__THE DATA__:
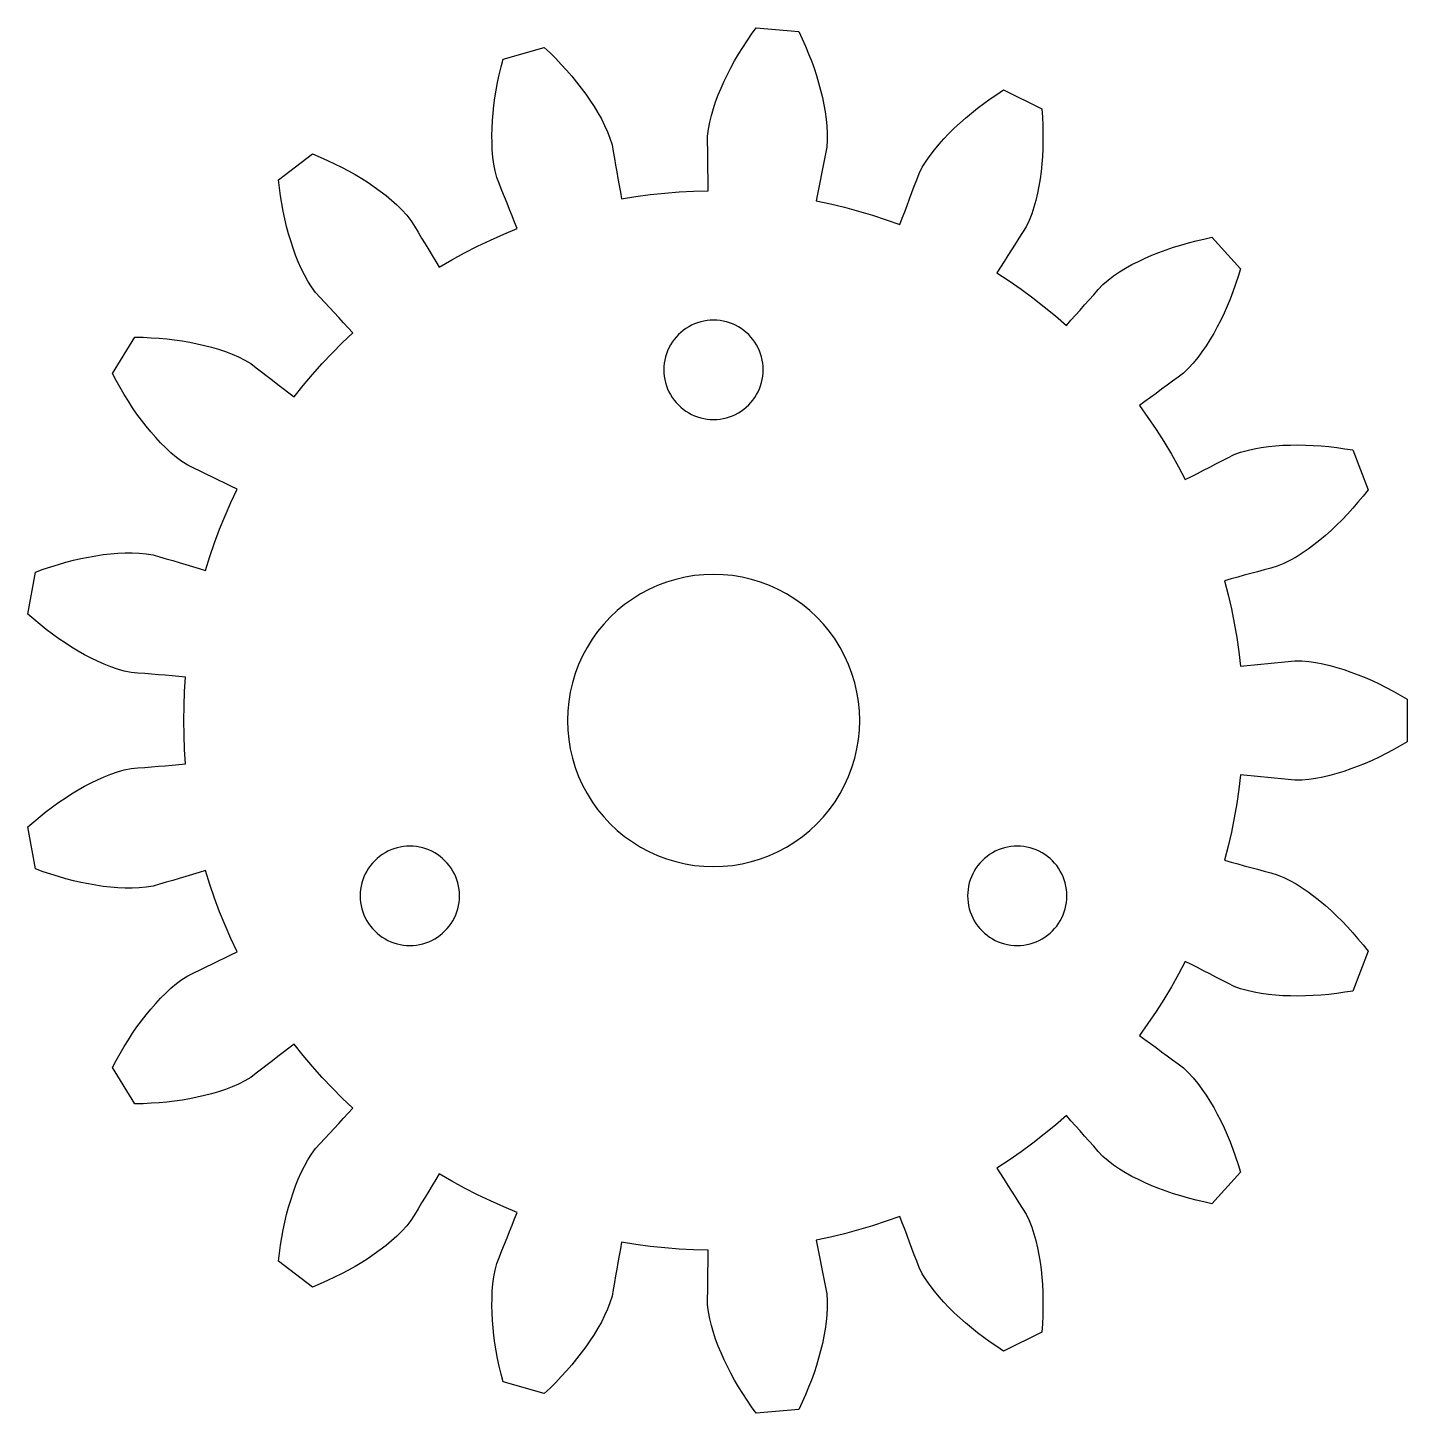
# Model space of a CAD drawing. Header units: metres. Extents: x -23.5 to 23.7, y -23.7 to 23.7.
import ezdxf

# ---------------------------------------------------------------- set-up
doc = ezdxf.new("R2010")
doc.units = ezdxf.units.M
doc.layers.add('CUT', color=7, linetype='Continuous')

msp = doc.modelspace()

# ---------------------------------------------------------------- linework, layer by layer
at = {"layer": 'CUT'}
for points in [[(17.901, -2.841), (17.816, -3.33), (17.718, -3.817), (17.607, -4.301), (17.483, -4.782), (17.709, -4.844), (17.935, -4.906), (18.161, -4.968), (18.387, -5.029), (18.613, -5.091), (18.839, -5.153), (19.065, -5.215), (19.291, -5.278), (19.51, -5.367), (19.723, -5.473), (19.933, -5.593), (20.14, -5.723), (20.344, -5.863), (20.545, -6.011), (20.743, -6.168), (20.938, -6.333), (21.131, -6.504), (21.321, -6.683), (21.508, -6.869), (21.692, -7.062), (21.873, -7.26), (22.052, -7.466), (22.227, -7.677), (22.4, -7.894), (21.872, -9.257), (21.598, -9.301), (21.326, -9.339), (21.056, -9.371), (20.788, -9.395), (20.522, -9.413), (20.259, -9.425), (19.998, -9.429), (19.74, -9.426), (19.485, -9.416), (19.233, -9.398), (18.984, -9.373), (18.739, -9.339), (18.499, -9.296), (18.263, -9.243), (18.033, -9.178), (17.812, -9.096), (17.603, -8.99), (17.394, -8.884), (17.185, -8.777), (16.977, -8.67), (16.768, -8.564), (16.559, -8.457), (16.35, -8.351), (16.142, -8.244), (15.91, -8.683), (15.666, -9.116), (15.41, -9.542), (15.143, -9.96), (14.864, -10.371), (14.575, -10.775), (14.763, -10.914), (14.952, -11.053), (15.14, -11.193), (15.329, -11.332), (15.517, -11.471), (15.705, -11.611), (15.894, -11.75), (16.082, -11.89), (16.254, -12.052), (16.414, -12.229), (16.567, -12.416), (16.713, -12.612), (16.852, -12.816), (16.986, -13.027), (17.114, -13.245), (17.237, -13.469), (17.354, -13.699), (17.467, -13.934), (17.574, -14.175), (17.676, -14.421), (17.774, -14.672), (17.866, -14.927), (17.953, -15.188), (18.035, -15.453), (17.051, -16.533), (16.78, -16.475), (16.512, -16.412), (16.249, -16.344), (15.99, -16.27), (15.736, -16.191), (15.486, -16.107), (15.241, -16.016), (15.002, -15.921), (14.767, -15.819), (14.539, -15.711), (14.316, -15.598), (14.1, -15.478), (13.892, -15.351), (13.691, -15.216), (13.5, -15.072), (13.323, -14.916), (13.166, -14.742), (13.01, -14.567), (12.854, -14.392), (12.698, -14.218), (12.542, -14.043), (12.386, -13.868), (12.23, -13.693), (12.073, -13.518), (11.699, -13.844), (11.315, -14.159), (10.923, -14.464), (10.522, -14.758), (10.114, -15.041), (9.698, -15.312), (9.824, -15.51), (9.949, -15.708), (10.074, -15.906), (10.2, -16.104), (10.325, -16.302), (10.451, -16.5), (10.576, -16.698), (10.701, -16.897), (10.802, -17.11), (10.888, -17.332), (10.963, -17.562), (11.028, -17.798), (11.085, -18.038), (11.133, -18.283), (11.174, -18.533), (11.207, -18.786), (11.234, -19.043), (11.254, -19.303), (11.267, -19.566), (11.273, -19.832), (11.273, -20.101), (11.267, -20.373), (11.254, -20.648), (11.235, -20.924), (9.927, -21.576), (9.695, -21.424), (9.468, -21.269), (9.248, -21.11), (9.033, -20.948), (8.824, -20.782), (8.622, -20.613), (8.426, -20.441), (8.238, -20.265), (8.056, -20.085), (7.881, -19.903), (7.715, -19.716), (7.557, -19.526), (7.408, -19.332), (7.27, -19.134), (7.144, -18.931), (7.035, -18.722), (6.952, -18.503), (6.869, -18.283), (6.787, -18.064), (6.705, -17.845), (6.622, -17.625), (6.54, -17.406), (6.457, -17.186), (6.375, -16.967), (5.908, -17.135), (5.436, -17.291), (4.96, -17.433), (4.481, -17.562), (3.998, -17.679), (3.512, -17.781), (3.557, -18.011), (3.603, -18.241), (3.648, -18.471), (3.694, -18.701), (3.739, -18.931), (3.784, -19.161), (3.83, -19.391), (3.874, -19.621), (3.892, -19.857), (3.892, -20.095), (3.878, -20.337), (3.854, -20.58), (3.82, -20.824), (3.776, -21.071), (3.724, -21.318), (3.664, -21.566), (3.596, -21.815), (3.521, -22.065), (3.438, -22.315), (3.348, -22.566), (3.251, -22.816), (3.147, -23.068), (3.036, -23.319), (2.918, -23.57), (1.463, -23.705), (1.301, -23.48), (1.146, -23.253), (0.997, -23.025), (0.856, -22.796), (0.721, -22.567), (0.593, -22.336), (0.473, -22.104), (0.361, -21.872), (0.256, -21.639), (0.16, -21.406), (0.072, -21.172), (-0.007, -20.937), (-0.076, -20.703), (-0.133, -20.468), (-0.177, -20.234), (-0.203, -19.999), (-0.202, -19.765), (-0.199, -19.53), (-0.197, -19.296), (-0.194, -19.062), (-0.192, -18.827), (-0.19, -18.593), (-0.187, -18.358), (-0.185, -18.124), (-0.681, -18.112), (-1.177, -18.087), (-1.672, -18.048), (-2.166, -17.995), (-2.658, -17.929), (-3.149, -17.849), (-3.189, -18.08), (-3.23, -18.311), (-3.271, -18.542), (-3.311, -18.773), (-3.352, -19.003), (-3.393, -19.234), (-3.434, -19.465), (-3.475, -19.696), (-3.544, -19.922), (-3.63, -20.144), (-3.73, -20.364), (-3.84, -20.582), (-3.961, -20.798), (-4.09, -21.012), (-4.228, -21.224), (-4.374, -21.433), (-4.527, -21.641), (-4.688, -21.847), (-4.855, -22.05), (-5.03, -22.251), (-5.211, -22.45), (-5.399, -22.647), (-5.593, -22.841), (-5.794, -23.033), (-7.199, -22.633), (-7.269, -22.364), (-7.332, -22.097), (-7.388, -21.831), (-7.437, -21.566), (-7.48, -21.303), (-7.515, -21.042), (-7.544, -20.783), (-7.565, -20.525), (-7.578, -20.27), (-7.584, -20.018), (-7.581, -19.768), (-7.57, -19.521), (-7.549, -19.278), (-7.518, -19.038), (-7.474, -18.803), (-7.414, -18.575), (-7.328, -18.357), (-7.241, -18.139), (-7.154, -17.922), (-7.067, -17.704), (-6.98, -17.486), (-6.893, -17.269), (-6.806, -17.051), (-6.72, -16.833), (-7.178, -16.643), (-7.631, -16.44), (-8.079, -16.225), (-8.52, -15.997), (-8.956, -15.758), (-9.384, -15.507), (-9.505, -15.707), (-9.627, -15.908), (-9.748, -16.108), (-9.869, -16.309), (-9.991, -16.509), (-10.112, -16.71), (-10.233, -16.91), (-10.356, -17.11), (-10.501, -17.296), (-10.662, -17.473), (-10.834, -17.642), (-11.016, -17.805), (-11.206, -17.963), (-11.404, -18.115), (-11.609, -18.263), (-11.821, -18.406), (-12.039, -18.544), (-12.263, -18.678), (-12.493, -18.807), (-12.728, -18.932), (-12.969, -19.052), (-13.215, -19.167), (-13.467, -19.278), (-13.723, -19.384), (-14.889, -18.504), (-14.857, -18.228), (-14.819, -17.956), (-14.775, -17.688), (-14.726, -17.423), (-14.67, -17.163), (-14.609, -16.906), (-14.542, -16.654), (-14.468, -16.407), (-14.389, -16.164), (-14.303, -15.926), (-14.21, -15.694), (-14.111, -15.468), (-14.003, -15.249), (-13.888, -15.037), (-13.762, -14.833), (-13.623, -14.643), (-13.464, -14.47), (-13.305, -14.299), (-13.145, -14.127), (-12.985, -13.956), (-12.826, -13.784), (-12.666, -13.612), (-12.506, -13.441), (-12.347, -13.269), (-12.706, -12.926), (-13.055, -12.573), (-13.395, -12.211), (-13.724, -11.839), (-14.043, -11.459), (-14.352, -11.07), (-14.538, -11.213), (-14.723, -11.356), (-14.909, -11.499), (-15.094, -11.642), (-15.28, -11.785), (-15.465, -11.929), (-15.651, -12.072), (-15.837, -12.214), (-16.04, -12.335), (-16.254, -12.441), (-16.476, -12.537), (-16.704, -12.623), (-16.939, -12.702), (-17.178, -12.772), (-17.423, -12.836), (-17.672, -12.893), (-17.925, -12.943), (-18.182, -12.987), (-18.443, -13.024), (-18.708, -13.055), (-18.976, -13.08), (-19.247, -13.099), (-19.521, -13.111), (-19.798, -13.118), (-20.568, -11.876), (-20.438, -11.63), (-20.305, -11.39), (-20.167, -11.156), (-20.025, -10.927), (-19.879, -10.704), (-19.73, -10.487), (-19.576, -10.276), (-19.418, -10.072), (-19.256, -9.875), (-19.09, -9.684), (-18.92, -9.501), (-18.746, -9.326), (-18.566, -9.16), (-18.382, -9.004), (-18.191, -8.86), (-17.993, -8.733), (-17.782, -8.629), (-17.572, -8.527), (-17.361, -8.425), (-17.15, -8.322), (-16.939, -8.22), (-16.728, -8.118), (-16.517, -8.015), (-16.306, -7.913), (-16.517, -7.463), (-16.715, -7.008), (-16.901, -6.548), (-17.074, -6.082), (-17.234, -5.612), (-17.382, -5.138), (-17.606, -5.204), (-17.831, -5.271), (-18.056, -5.337), (-18.281, -5.403), (-18.505, -5.47), (-18.73, -5.536), (-18.955, -5.603), (-19.18, -5.668), (-19.413, -5.708), (-19.651, -5.729), (-19.892, -5.738), (-20.136, -5.737), (-20.383, -5.725), (-20.632, -5.704), (-20.883, -5.676), (-21.136, -5.639), (-21.39, -5.594), (-21.646, -5.542), (-21.902, -5.482), (-22.16, -5.416), (-22.419, -5.342), (-22.679, -5.261), (-22.939, -5.174), (-23.2, -5.08), (-23.469, -3.644), (-23.259, -3.462), (-23.048, -3.286), (-22.835, -3.118), (-22.62, -2.955), (-22.404, -2.8), (-22.186, -2.652), (-21.966, -2.511), (-21.745, -2.377), (-21.523, -2.252), (-21.3, -2.134), (-21.075, -2.025), (-20.849, -1.925), (-20.622, -1.835), (-20.393, -1.756), (-20.164, -1.69), (-19.932, -1.643), (-19.699, -1.623), (-19.465, -1.604), (-19.232, -1.584), (-18.998, -1.565), (-18.765, -1.546), (-18.531, -1.527), (-18.297, -1.507), (-18.064, -1.488), (-18.098, -0.993), (-18.118, -0.497), (-18.125, 0), (-18.118, 0.497), (-18.098, 0.993), (-18.064, 1.488), (-18.297, 1.507), (-18.531, 1.527), (-18.765, 1.546), (-18.998, 1.565), (-19.232, 1.584), (-19.465, 1.604), (-19.699, 1.623), (-19.932, 1.643), (-20.164, 1.69), (-20.393, 1.756), (-20.622, 1.835), (-20.849, 1.925), (-21.075, 2.025), (-21.3, 2.134), (-21.523, 2.252), (-21.745, 2.377), (-21.966, 2.511), (-22.186, 2.652), (-22.404, 2.8), (-22.62, 2.955), (-22.835, 3.118), (-23.048, 3.286), (-23.259, 3.462), (-23.469, 3.644), (-23.2, 5.08), (-22.939, 5.174), (-22.679, 5.261), (-22.419, 5.342), (-22.16, 5.416), (-21.902, 5.482), (-21.646, 5.542), (-21.39, 5.594), (-21.136, 5.639), (-20.883, 5.676), (-20.632, 5.704), (-20.383, 5.725), (-20.136, 5.737), (-19.892, 5.738), (-19.651, 5.729), (-19.413, 5.708), (-19.18, 5.668), (-18.955, 5.603), (-18.73, 5.536), (-18.505, 5.47), (-18.281, 5.403), (-18.056, 5.337), (-17.831, 5.271), (-17.606, 5.204), (-17.382, 5.138), (-17.234, 5.612), (-17.074, 6.082), (-16.901, 6.548), (-16.715, 7.008), (-16.517, 7.463), (-16.306, 7.913), (-16.517, 8.015), (-16.728, 8.118), (-16.939, 8.22), (-17.15, 8.322), (-17.361, 8.425), (-17.572, 8.527), (-17.782, 8.629), (-17.993, 8.733), (-18.191, 8.86), (-18.382, 9.004), (-18.566, 9.16), (-18.746, 9.326), (-18.92, 9.501), (-19.09, 9.684), (-19.256, 9.875), (-19.418, 10.072), (-19.576, 10.276), (-19.73, 10.487), (-19.879, 10.704), (-20.025, 10.927), (-20.167, 11.156), (-20.305, 11.39), (-20.438, 11.63), (-20.568, 11.876), (-19.798, 13.118), (-19.521, 13.111), (-19.247, 13.099), (-18.976, 13.08), (-18.708, 13.055), (-18.443, 13.024), (-18.182, 12.987), (-17.925, 12.943), (-17.672, 12.893), (-17.423, 12.836), (-17.178, 12.772), (-16.939, 12.702), (-16.704, 12.623), (-16.476, 12.537), (-16.254, 12.441), (-16.04, 12.335), (-15.837, 12.214), (-15.651, 12.072), (-15.465, 11.929), (-15.28, 11.785), (-15.094, 11.642), (-14.909, 11.499), (-14.723, 11.356), (-14.538, 11.213), (-14.352, 11.07), (-14.043, 11.459), (-13.724, 11.839), (-13.395, 12.211), (-13.055, 12.573), (-12.706, 12.926), (-12.347, 13.269), (-12.506, 13.441), (-12.666, 13.612), (-12.826, 13.784), (-12.985, 13.956), (-13.145, 14.127), (-13.305, 14.299), (-13.464, 14.47), (-13.623, 14.643), (-13.762, 14.833), (-13.888, 15.037), (-14.003, 15.249), (-14.111, 15.468), (-14.21, 15.694), (-14.303, 15.926), (-14.389, 16.164), (-14.468, 16.407), (-14.542, 16.654), (-14.609, 16.906), (-14.67, 17.163), (-14.726, 17.423), (-14.775, 17.688), (-14.819, 17.956), (-14.857, 18.228), (-14.889, 18.504), (-13.723, 19.384), (-13.467, 19.278), (-13.215, 19.167), (-12.969, 19.052), (-12.728, 18.932), (-12.493, 18.807), (-12.263, 18.678), (-12.039, 18.544), (-11.821, 18.406), (-11.609, 18.263), (-11.404, 18.115), (-11.206, 17.963), (-11.016, 17.805), (-10.834, 17.642), (-10.662, 17.473), (-10.501, 17.296), (-10.356, 17.11), (-10.233, 16.91), (-10.112, 16.71), (-9.991, 16.509), (-9.869, 16.309), (-9.748, 16.108), (-9.627, 15.908), (-9.505, 15.707), (-9.384, 15.507), (-8.956, 15.758), (-8.52, 15.997), (-8.079, 16.225), (-7.631, 16.44), (-7.178, 16.643), (-6.72, 16.833), (-6.806, 17.051), (-6.893, 17.269), (-6.98, 17.486), (-7.067, 17.704), (-7.154, 17.922), (-7.241, 18.139), (-7.328, 18.357), (-7.414, 18.575), (-7.474, 18.803), (-7.518, 19.038), (-7.549, 19.278), (-7.57, 19.521), (-7.581, 19.768), (-7.584, 20.018), (-7.578, 20.27), (-7.565, 20.525), (-7.544, 20.783), (-7.515, 21.042), (-7.48, 21.303), (-7.437, 21.566), (-7.388, 21.831), (-7.332, 22.097), (-7.269, 22.364), (-7.199, 22.633), (-5.794, 23.033), (-5.593, 22.841), (-5.399, 22.647), (-5.211, 22.45), (-5.03, 22.251), (-4.855, 22.05), (-4.688, 21.847), (-4.527, 21.641), (-4.374, 21.433), (-4.228, 21.224), (-4.09, 21.012), (-3.961, 20.798), (-3.84, 20.582), (-3.73, 20.364), (-3.63, 20.144), (-3.544, 19.922), (-3.475, 19.696), (-3.434, 19.465), (-3.393, 19.234), (-3.352, 19.003), (-3.311, 18.773), (-3.271, 18.542), (-3.23, 18.311), (-3.189, 18.08), (-3.149, 17.849), (-2.658, 17.929), (-2.166, 17.995), (-1.672, 18.048), (-1.177, 18.087), (-0.681, 18.112), (-0.185, 18.124), (-0.187, 18.358), (-0.19, 18.593), (-0.192, 18.827), (-0.194, 19.062), (-0.197, 19.296), (-0.199, 19.53), (-0.202, 19.765), (-0.203, 19.999), (-0.177, 20.234), (-0.133, 20.468), (-0.076, 20.703), (-0.007, 20.937), (0.072, 21.172), (0.16, 21.406), (0.256, 21.639), (0.361, 21.872), (0.473, 22.104), (0.593, 22.336), (0.721, 22.567), (0.856, 22.796), (0.997, 23.025), (1.146, 23.253), (1.301, 23.48), (1.463, 23.705), (2.918, 23.57), (3.036, 23.319), (3.147, 23.068), (3.251, 22.816), (3.348, 22.566), (3.438, 22.315), (3.521, 22.065), (3.596, 21.815), (3.664, 21.566), (3.724, 21.318), (3.776, 21.071), (3.82, 20.824), (3.854, 20.58), (3.878, 20.337), (3.892, 20.095), (3.892, 19.857), (3.874, 19.621), (3.83, 19.391), (3.784, 19.161), (3.739, 18.931), (3.694, 18.701), (3.648, 18.471), (3.603, 18.241), (3.557, 18.011), (3.512, 17.781), (3.998, 17.679), (4.481, 17.562), (4.96, 17.433), (5.436, 17.291), (5.908, 17.135), (6.375, 16.967), (6.457, 17.186), (6.54, 17.406), (6.622, 17.625), (6.705, 17.845), (6.787, 18.064), (6.869, 18.283), (6.952, 18.503), (7.035, 18.722), (7.144, 18.931), (7.27, 19.134), (7.408, 19.332), (7.557, 19.526), (7.715, 19.716), (7.881, 19.903), (8.056, 20.085), (8.238, 20.265), (8.426, 20.441), (8.622, 20.613), (8.824, 20.782), (9.033, 20.948), (9.248, 21.11), (9.468, 21.269), (9.695, 21.424), (9.927, 21.576), (11.235, 20.924), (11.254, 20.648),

__ASSIGNED TASK__: Every line above in which the word "units" is present must be copied into the answer.

__ANSWER SECTION__:
# Model space of a CAD drawing. Header units: metres. Extents: x -23.5 to 23.7, y -23.7 to 23.7.
doc.units = ezdxf.units.M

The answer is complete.